Quizá no desaparezca.
* * *
Padecer no es sencillo. Susan Sontag, en Ilness as Metaphor and Aids and its Metaphors (Anchor Books, Nueva York, 1988), después de hacer un recuento de literatos que padecieron y/o murieron por tuberculosis, entre quienes destacan Kafka, Shelley, Keats, Chopin y Molière, escribe:
La tuberculosis es una enfermedad que produce euforia, incremento del apetito y del deseo sexual […] Antaño se pensaba que la tuberculosis era afrodisiaca y que le confería al afectado grandes poderes para seducir […] Sin embargo, muchos de sus síntomas son engañosos —la viveza proveniente de las mejillas rosadas que semejan salud, cuyo origen es la fiebre propia de la tuberculosis— y un resurgimiento de vitalidad que más bien puede ser signo de la cercanía de la muerte.

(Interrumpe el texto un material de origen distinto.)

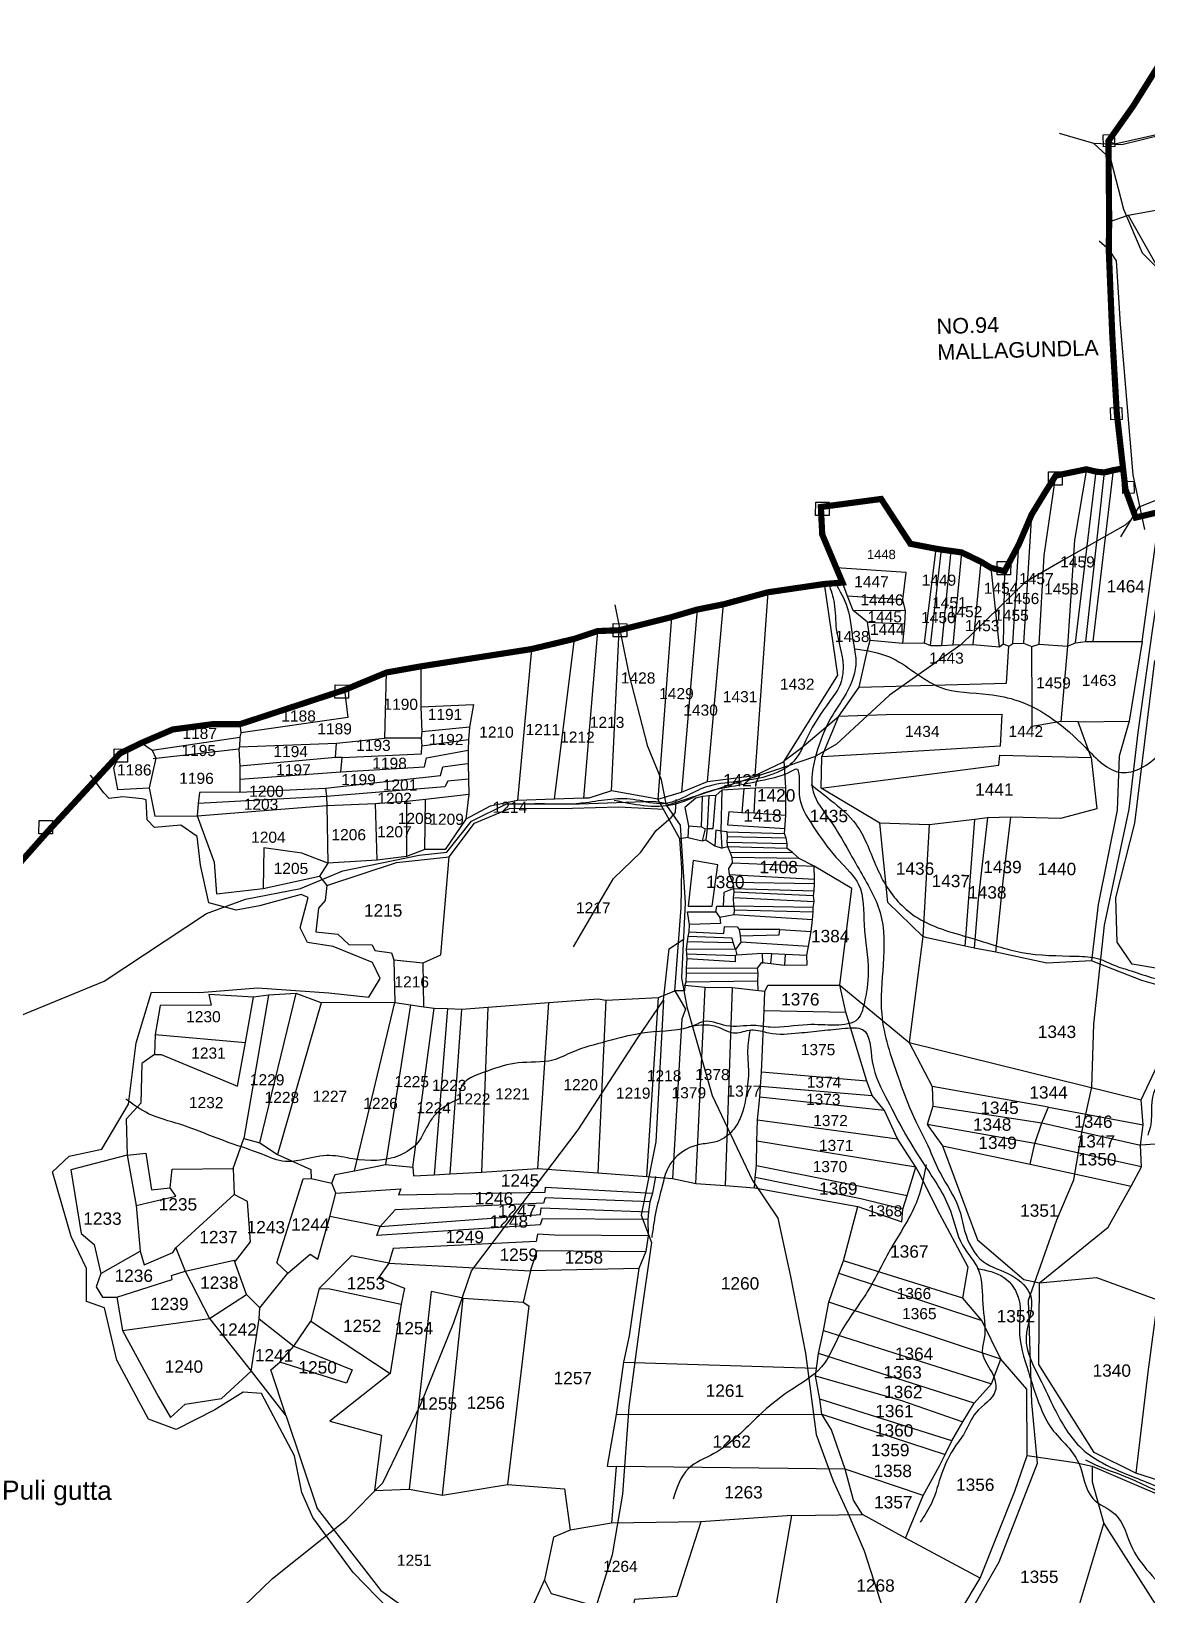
# Model space of a CAD drawing. Header units: inches. Extents: x 177544 to 239871, y 1610424 to 1630335.
# Drawn here: x 181103 to 182910, y 1618835 to 1621366 of the extents above; entities that cross this region are included whole.
import ezdxf
from ezdxf.enums import TextEntityAlignment as Align

# ---------------------------------------------------------------- set-up
doc = ezdxf.new("R2010")
doc.units = ezdxf.units.IN
doc.header["$MEASUREMENT"] = 0
doc.linetypes.add('DASHED2', pattern=[0.375, 0.25, -0.125])
for name, color, linetype in [('BOUNDRY STONES', 240, 'Continuous'), ('HILLS', 3, 'Continuous'), ('PLOT', 7, 'Continuous'), ('PLOT NO', 7, 'Continuous'), ('ROAD', 1, 'Continuous'), ('STREAM', 4, 'Continuous'), ('text1', 7, 'Continuous'), ('text2', 7, 'Continuous'), ('VILLAGE BOUNADRY STONES', 1, 'Continuous'), ('VILLAGE BOUNDRY', 5, 'Continuous')]:
    doc.layers.add(name, color=color, linetype=linetype)
doc.styles.get("Standard").update_dxf_attribs({"font": 'arial.ttf'})

msp = doc.modelspace()

# ---------------------------------------------------------------- linework, layer by layer
at = {"layer": 'BOUNDRY STONES'}
for points in [[(182838.9, 1621198.7), (182857.1, 1621199.3), (182857.7, 1621179.9), (182839.5, 1621179.3)], [(182851.1, 1620756.5), (182869.3, 1620757), (182869.9, 1620737.7), (182851.6, 1620737.1)], [(182870.5, 1620637.2), (182888.7, 1620637.8), (182889.2, 1620618.4), (182871, 1620617.9)]]:
    msp.add_lwpolyline(points, close=True, dxfattribs=at)
at = {"layer": 'HILLS'}
for points in [[(182934.1, 1619847.9), (182885.9, 1619856.1), (182861.6, 1619891.6), (182859.6, 1619963.3), (182890.2, 1620084.5), (182923, 1620347.8)], [(181682.5, 1618812.1), (181624.4, 1618871.2), (181558.9, 1618960.5), (181541.3, 1619000.5), (181529.5, 1619060.3), (181475.9, 1619160.9), (181446.2, 1619163.2), (181400.2, 1619134.3), (181337.9, 1619102.7), (181293.2, 1619119.6), (181241.6, 1619214.9), (181221.9, 1619299.7), (181192.8, 1619310.1), (181192.5, 1619363.5), (181167.8, 1619415.4), (181137.6, 1619519.6), (181164.5, 1619545.4), (181217.2, 1619556.4), (181260.7, 1619629.6), (181273.2, 1619728.8), (181297.7, 1619810.7), (181376.3, 1619810.3), (181469.7, 1619818), (181585.1, 1619809.4), (181649.7, 1619802.6), (181668.2, 1619832.9), (181655.8, 1619858.7), (181591.9, 1619884.9), (181550.7, 1619891.1), (181538.4, 1619914.9), (181551.6, 1619964.2), (181540.2, 1619968.6), (181472.9, 1619950.4), (181434.9, 1619943.5), (181390.5, 1619955.1), (181377.1, 1620016.6), (181371.8, 1620062.7), (181345.3, 1620081.3), (181303, 1620077.1), (181291.1, 1620089.6), (181289.1, 1620122.1), (181282.6, 1620123.8), (181251.7, 1620127.1), (181229.4, 1620124), (181220.8, 1620133.2), (181199.2, 1620162)]]:
    msp.add_lwpolyline(points, dxfattribs=at)
at = {"layer": 'PLOT'}
for points in [[(182847.3, 1621188.9), (182857.8, 1621184.3), (182985.4, 1621212.8)], [(182848.8, 1621058.1), (182879.3, 1621068.4), (183004.7, 1621091.4), (183215, 1621106.9), (183371.4, 1621119.4), (183526.7, 1621054.1), (183652.3, 1621031.9), (183739.9, 1621090.8), (183811.2, 1621117.6), (183749.3, 1620871.6), (183702.3, 1620747.4), (183669.6, 1620658.9), (183678.7, 1620575.1), (183604.2, 1620541)], [(182879.3, 1621068.4), (182929.3, 1620980.7), (183127.9, 1620736.4), (183338.4, 1620920.8), (183327.7, 1620971.8), (183201.5, 1620985.1), (182929.3, 1620980.7)], [(182811.9, 1620657.2), (182792.8, 1620542.5), (182781.2, 1620371.1), (182770.7, 1620248.8)], [(182794.4, 1620376.5), (182827.7, 1620653.4)], [(182840.8, 1620652.1), (182810.6, 1620378.7)], [(182822.8, 1620378.6), (182855.8, 1620655.8)], [(182735.3, 1620374.3), (182743.4, 1620517.4), (182762.2, 1620647)], [(182462, 1620380.7), (182514.6, 1620376), (182549.2, 1620376.1), (182559.3, 1620371.8), (182577.1, 1620372.2), (182596.4, 1620373.3), (182627.8, 1620373.6), (182671.2, 1620369.8), (182677.2, 1620374.4), (182686.1, 1620370.8), (182692.9, 1620375.4), (182710.2, 1620375.7), (182723.8, 1620370.5), (182735.3, 1620374.3), (182781.2, 1620371.1), (182794.4, 1620376.5), (182810.6, 1620378.7), (182822.8, 1620378.6), (182902.3, 1620378.3), (182925.8, 1620550.9), (182932.5, 1620588.7)], [(182723.1, 1620583.8), (182710.2, 1620375.7)], [(182568, 1620528.7), (182549.2, 1620376.1)], [(182559.3, 1620371.8), (182577.4, 1620527.2)], [(182592.4, 1620525.1), (182577.1, 1620372.2)], [(182692.9, 1620375.4), (182702.5, 1620535.7)], [(182596.4, 1620373.3), (182610, 1620522.6)], [(182641.2, 1620507.5), (182627.8, 1620373.6)], [(182716.2, 1619060.7), (182715.2, 1619168.1), (182673.3, 1619216.7), (182642.4, 1619279.3), (182611.7, 1619315.6), (182620.4, 1619365.6), (182570.5, 1619459.5), (182542.9, 1619514.8), (182535.9, 1619527.5), (182505.8, 1619573.3), (182485.1, 1619619.1), (182465.1, 1619643.5), (182456.2, 1619666.8), (182422.4, 1619778.4), (182412.4, 1619821.8), (182432, 1619978.6), (182371.2, 1620014.9), (182347, 1620027.1), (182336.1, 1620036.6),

Se transita por algunas enfermedades de forma metafórica. Cada persona inventa, de acuerdo con sus necesidades y sus capacidades, espacios sui generis, “casas llenas de metáforas”. Vivir en ellas sirve. Son parapetos ad hoc: las metáforas finalizan cuando la patología adquiere nombre y el afectado cura, mejora o fallece. En Illness as Metaphor, Sontag reflexiona: “La forma más sincera de contemplar una enfermedad (y la forma más saludable de estar enfermo) es la que está más depurada de todo pensamiento metafórico y la más resistente a él. Aun así, es casi imposible residir en el reino de los enfermos sin dejarse influenciar por las siniestras metáforas con las que han pintado su paisaje”.
Metáforas, paradojas y elucubraciones de todo tipo son elementos consustanciales de la enfermedad. Quien se enfrenta al desorden del cuerpo traza continuamente palabras e ideas acerca de su situación, ora con crudeza —autolesión—, en ocasiones con viveza —poemas, pinturas—, otras veces armando y desarmando metáforas. Sea cual sea el camino elegido, el mundo de las metáforas es útil para algunos enfermos. Comparto algunas:
•No hay vida sin enfermedad. Prefiero no sanar: mis familiares se han acercado a mí.
•Mi piel, escribió una enferma que padecía escleroderma, es como un vestido que se encoge. Hoy me colgaré de la escalera.
•Creo que he mejorado. Ya no me rechinan las rodillas, ahora rechinan mis zapatos.
•Veo buitres sobrevolando mis sueños.